Wiederholung am 25.11.2007 um 12Uhr50

----------


## schiene

Hat es jemand heute angeschaut?habs leider auf Arbeit verpaßt den Fernseher anzuschalten.Iss das ne Wiederholung gewesen?

----------


## guenny

Läuft ja immer noch, ich hörs und sehs im Hintergrund.
Die übliche Soap. Flach, wenig Infos, seichte Unterhaltung.

----------


## Robert

Also nicht wirklich was verpasst?

----------


## guenny

Nein, nicht wirklich.

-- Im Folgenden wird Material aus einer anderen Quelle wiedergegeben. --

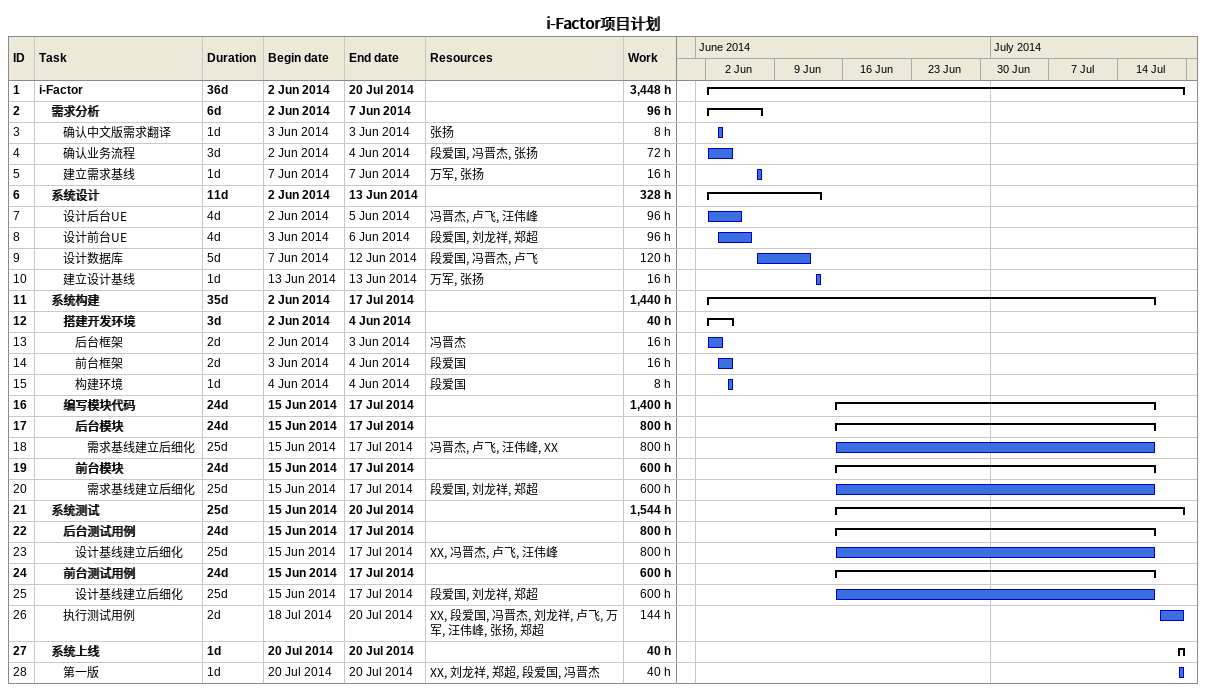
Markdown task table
i-Factor项目计划

| ID | Level | Task | Duration | Start | Finish | Resources | Work (h) |
|---|---|---|---|---|---|---|---|
| 1 | 1 | **i-Factor** | 36d | 2014-06-02 | 2014-07-20 |  | 3448 |
| 2 | 2 | **需求分析** | 6d | 2014-06-02 | 2014-06-07 |  | 96 |
| 3 | 3 | 确认中文版需求翻译 | 1d | 2014-06-03 | 2014-06-03 | 张扬 | 8 |
| 4 | 3 | 确认业务流程 | 3d | 2014-06-02 | 2014-06-04 | 段爱国, 冯晋杰, 张扬 | 72 |
| 5 | 3 | 建立需求基线 | 1d | 2014-06-07 | 2014-06-07 | 万军, 张扬 | 16 |
| 6 | 2 | **系统设计** | 11d | 2014-06-02 | 2014-06-13 |  | 328 |
| 7 | 3 | 设计后台UE | 4d | 2014-06-02 | 2014-06-05 | 冯晋杰, 卢飞, 汪伟峰 | 96 |
| 8 | 3 | 设计前台UE | 4d | 2014-06-03 | 2014-06-06 | 段爱国, 刘龙祥, 郑超 | 96 |
| 9 | 3 | 设计数据库 | 5d | 2014-06-07 | 2014-06-12 | 段爱国, 冯晋杰, 卢飞 | 120 |
| 10 | 3 | 建立设计基线 | 1d | 2014-06-13 | 2014-06-13 | 万军, 张扬 | 16 |
| 11 | 2 | **系统构建** | 35d | 2014-06-02 | 2014-07-17 |  | 1440 |
| 12 | 3 | **搭建开发环境** | 3d | 2014-06-02 | 2014-06-04 |  | 40 |
| 13 | 4 | 后台框架 | 2d | 2014-06-02 | 2014-06-03 | 冯晋杰 | 16 |
| 14 | 4 | 前台框架 | 2d | 2014-06-03 | 2014-06-04 | 段爱国 | 16 |
| 15 | 4 | 构建环境 | 1d | 2014-06-04 | 2014-06-04 | 段爱国 | 8 |
| 16 | 3 | **编写模块代码** | 24d | 2014-06-15 | 2014-07-17 |  | 1400 |
| 17 | 4 | **后台模块** | 24d | 2014-06-15 | 2014-07-17 |  | 800 |
| 18 | 5 | 需求基线建立后细化 | 25d | 2014-06-15 | 2014-07-17 | 冯晋杰, 卢飞, 汪伟峰, XX | 800 |
| 19 | 4 | **前台模块** | 24d | 2014-06-15 | 2014-07-17 |  | 600 |
| 20 | 5 | 需求基线建立后细化 | 25d | 2014-06-15 | 2014-07-17 | 段爱国, 刘龙祥, 郑超 | 600 |
| 21 | 2 | **系统测试** | 25d | 2014-06-15 | 2014-07-20 |  | 1544 |
| 22 | 3 | **后台测试用例** | 24d | 2014-06-15 | 2014-07-17 |  | 800 |
| 23 | 4 | 设计基线建立后细化 | 25d | 2014-06-15 | 2014-07-17 | XX, 冯晋杰, 卢飞, 汪伟峰 | 800 |
| 24 | 3 | **前台测试用例** | 24d | 2014-06-15 | 2014-07-17 |  | 600 |
| 25 | 4 | 设计基线建立后细化 | 25d | 2014-06-15 | 2014-07-17 | 段爱国, 刘龙祥, 郑超 | 600 |
| 26 | 3 | 执行测试用例 | 2d | 2014-07-18 | 2014-07-20 | XX, 段爱国, 冯晋杰, 刘龙祥, 卢飞, 万军, 汪伟峰, 张扬, 郑超 | 144 |
| 27 | 2 | **系统上线** | 1d | 2014-07-20 | 2014-07-20 |  | 40 |
| 28 | 3 | 第一版 | 1d | 2014-07-20 | 2014-07-20 | XX, 刘龙祥, 郑超, 段爱国, 冯晋杰 | 40 |

Wird zwar fortgesetzt, wie üblich, aber wir schauen das nur, weil Phanraya gerne Berichte und Filme aus der Heimat schaut.
Das ist doch zum Scheitern vorprogrammiert, denn wie soll ein Geschäftsmodell "Tauchschule" auf Phuket klappen, wenn man sich gegen 100 schon vorhandene durchsetzen muss? Und ne neue Massagepraxis in Phuket ist ja auch nicht wirklich der Hit, oder?
Die Leute lassen sich mit Auto und Fahrer hin und her kutschieren, mieten ein Haus und kritteln schon am Lebensstandard, wollen kein Moped fahrn, die Frau hat gerade mal ihre Ausbildung als Tauchlehrerin fertig, also keine Berufserfahrung. Das Ende ist absehbar.

----------